BRADFORD COUNTY, Fla. – An 18-year-old father was one of the victims in a double fatal crash Thursday morning in Bradford County.
Carlos Henrriquez Contreras left behind a 2-month-old daughter and an 18-year-old girlfriend, his family said.
The driver of the pickup truck that slammed into a log truck on US 301, a 23-year-old man, also died, according to the family. The driver of the log truck, a 47-year-old Middleburg man, was not hurt.
The crash is still under investigation.
His loved ones, speaking through a translator, said Henrriquez Contreras is irreplaceable and there just aren’t many words to describe their loss. They said he took care of his family, and his daughter was his world.
“He was like my son,” Reina Garcia, the mother of his girlfriend, told News4JAX on Friday through tears. “I loved him so much. I had so much pity for him. He was a kid that when he was 15, came to this country by himself. His mother would say ‘I let Carlos go.’ He didn’t want to continue going to study because he wanted to work to build her a house. Now, he won’t be able to do anything.”
Garcia and his girlfriend said their lives won’t be the same.
“Tomorrow, I have a birthday. This is the worst gift,” Garcia said. “He couldn’t give his daughter his last name because he came so young from Honduras. He couldn’t get the paperwork to give his name to his daughter. But his dream was to get the paperwork to give her his name.”
They said he was a calm person, a hard worker and a sincere man with so much love in him.
They vowed to take care of his daughter the best they could and said they’ll miss him every day.
“The only thing I would do is give him a hug and say, don’t leave, we still need you,” Garcia said.
News4JAX has reported on what are known as “underride” crashes in the past.
MORE: I-TEAM: Fatal underride crashes in US are ‘grossly underreported,’ attorney says. Here’s why
There have been several attempts to prevent these crashes with side impact guards or barriers on semi-trucks.
The News4JAX I-TEAM found in our area, there was a fatal underride crash in 2022 and another in 2023.
The Insurance Institute for Highway Safety says in 2021, 488 people died in crashes involving the side of a tractor-trailer.
“Death by underride is a reality that affects all of us on the highway. And as long as these trailers are unguarded, they’re unsafe,” said Andy Young, a partner at Law Firm for Truck Safety.
Young, and others, have advocated for trailer manufacturers to put a side impact guard or barrier on the sides of their trailers.
“The truck industry and the trailer manufacturers have regulatory capture, and their lobbyists have a louder voice preventing these guards from being added on trailers. Why? Because of the extra weight that adds in, also the extra expense that it adds to the trailer itself,” Young said.
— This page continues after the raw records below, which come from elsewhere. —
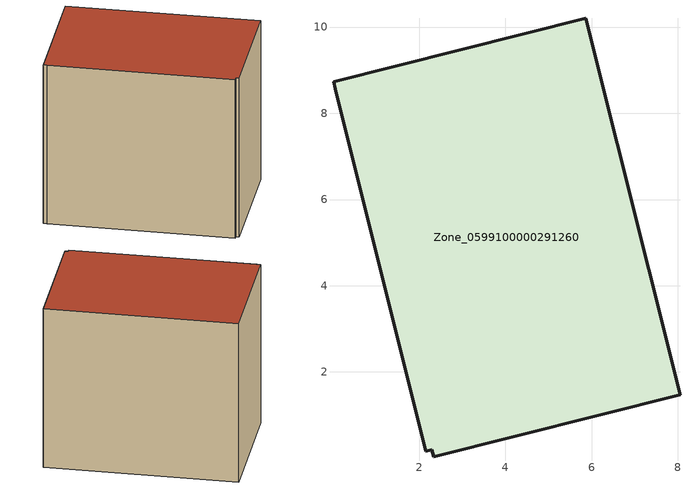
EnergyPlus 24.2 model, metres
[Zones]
Zone_0599100000291260
 floor ground (C_G): 2.3,0.19 2.15,0.16 0.06,8.57 0.01,8.73 5.86,10.2 8.05,1.47 2.34,0.04 z0
 wall outside (C_F): 5.86,10.2 0.01,8.73 0.06,8.57 2.15,0.16 2.3,0.19 2.34,0.04 8.05,1.47 5.86,10.2 z0:8.05
 roof outside (C_R): 2.15,0.16 2.3,0.19 2.34,0.04 8.05,1.47 5.86,10.2 0.01,8.73 0.06,8.57 z8.05
[BUILDING]
Pand.0599100000291260: North Axis=0; Terrain=City; Loads Convergence Tolerance Value=0.04; Temperature Convergence Tolerance Value=0.4; Solar Distribution=FullExterior; Maximum Number of Warmup Days=25; Minimum Number of Warmup Days=1
[Site:Location]
Rotterdam.The.Hague.AP_ZH_NLD Design_Conditions: Latitude=51.96; Longitude=4.45; Time Zone=1; Elevation=-4.5
[SITE:GROUNDTEMPERATURE:BUILDINGSURFACE]
18, 18, 18, 18, 18, 18, 18, 18, 18, 18, 18, 18
[MATERIAL] Thermal Absorptance=0.9; Solar Absorptance=0.7; Visible Absorptance=0.7
Name | Roughness | Thickness | Conductivity | Density | Specific Heat
G.TC.1965-1974 | MediumSmooth | 0.15 | 0.882353 | 540 | 1210
F.TC.1965-1974 | Rough | 0.3 | 0.697674 | 1920 | 840
R.TC.1965-1974 | MediumRough | 0.2 | 0.232558 | 1500 | 1000
[CONSTRUCTION]
C_G: G.TC.1965-1974
C_F: F.TC.1965-1974
C_R: R.TC.1965-1974
[ZONE]
Zone_0599100000291260: Type=1; Multiplier=1; Ceiling Height=Autocalculate; Volume=Autocalculate; Floor Area=autocalculate; Part of Total Floor Area=Yes
[ZONEINFILTRATION:DESIGNFLOWRATE]
Infil_Zone_0599100000291260: Zone or ZoneList or Space or SpaceList=Zone_0599100000291260; Schedule=AlwaysOn; Design Flow Rate Calculation Method=Flow/Area; Flow Rate per Floor Area=0.003; Constant Term Coefficient=1; Temperature Term Coefficient=0; Velocity Term Coefficient=0; Velocity Squared Term Coefficient=0
[HVACTEMPLATE:ZONE:IDEALLOADSAIRSYSTEM]
Zone_0599100000291260: Maximum Heating Supply Air Temperature=50; Minimum Cooling Supply Air Temperature=13; Maximum Heating Supply Air Humidity Ratio=0.0156; Minimum Cooling Supply Air Humidity Ratio=0.0077; Heating Limit=NoLimit; Cooling Limit=NoLimit; Dehumidification Control Type=ConstantSensibleHeatRatio; Cooling Sensible Heat Ratio=0.7; Dehumidification Setpoint=60; Humidification Control Type=None; Humidification Setpoint=30; Outdoor Air Method=None; Outdoor Air Flow Rate per Person=0.00944; Outdoor Air Flow Rate per Zone Floor Area=0; Outdoor Air Flow Rate per Zone=0; Demand Controlled Ventilation Type=None; Outdoor Air Economizer Type=NoEconomizer; Heat Recovery Type=None; Sensible Heat Recovery Effectiveness=0.7; Latent Heat Recovery Effectiveness=0.65
[ZONECONTROL:THERMOSTAT]
ThermostatControl_Zone_0599100000291260: Zone or ZoneList=Zone_0599100000291260; Control Type Schedule=DualSetpointControlType; Control 1=Thermostat_Zone_0599100000291260; Temperature Difference Between Cutout And Setpoint=0
[THERMOSTATSETPOINT:DUALSETPOINT]
Thermostat_Zone_0599100000291260: Heating Setpoint Temperature Schedule=HeatingSetpoint_Zone_0599100000291260; Cooling Setpoint Temperature Schedule=CoolingSetpoint_Zone_0599100000291260
[SCHEDULE:COMPACT]
HeatingSetpoint_Zone_0599100000291260: Through: 12/31, For: AllDays, Until: 24:00, 21
CoolingSetpoint_Zone_0599100000291260: Through: 12/31, For: AllDays, Until: 24:00, 24
DualSetpointControlType: Through: 12/31, For: AllDays, Until: 24:00, 4
AlwaysOn: Through: 12/31, For: AllDays, Until: 24:00, 1

In 2022, the National Highway Traffic Safety Administration passed a rule requiring rear impact guards on trailers strong enough to protect drivers in passenger cars. In 2023, they announced an advisory committee on underride protection and assigned research on side underride guards to understand their effectiveness and feasibility.
“Hopefully, that dialogue will turn into something meaningful, yet, we aren’t holding out great hope yet, because of some of the other actions that NHTSA has put out there such as the number of lives they believe would be saved, which is woefully inadequate, and way too low,” Young said. “So if we can save one life, or 170 to 200 plus lives a year, why aren’t we doing it?”
You can only wonder if these guards would’ve prevented these two deaths and a 2-month-old from growing up without a father.
“Of course, it would help,” Garcia said. “Imagine if that had something when he crashed. He wouldn’t have gone so under.”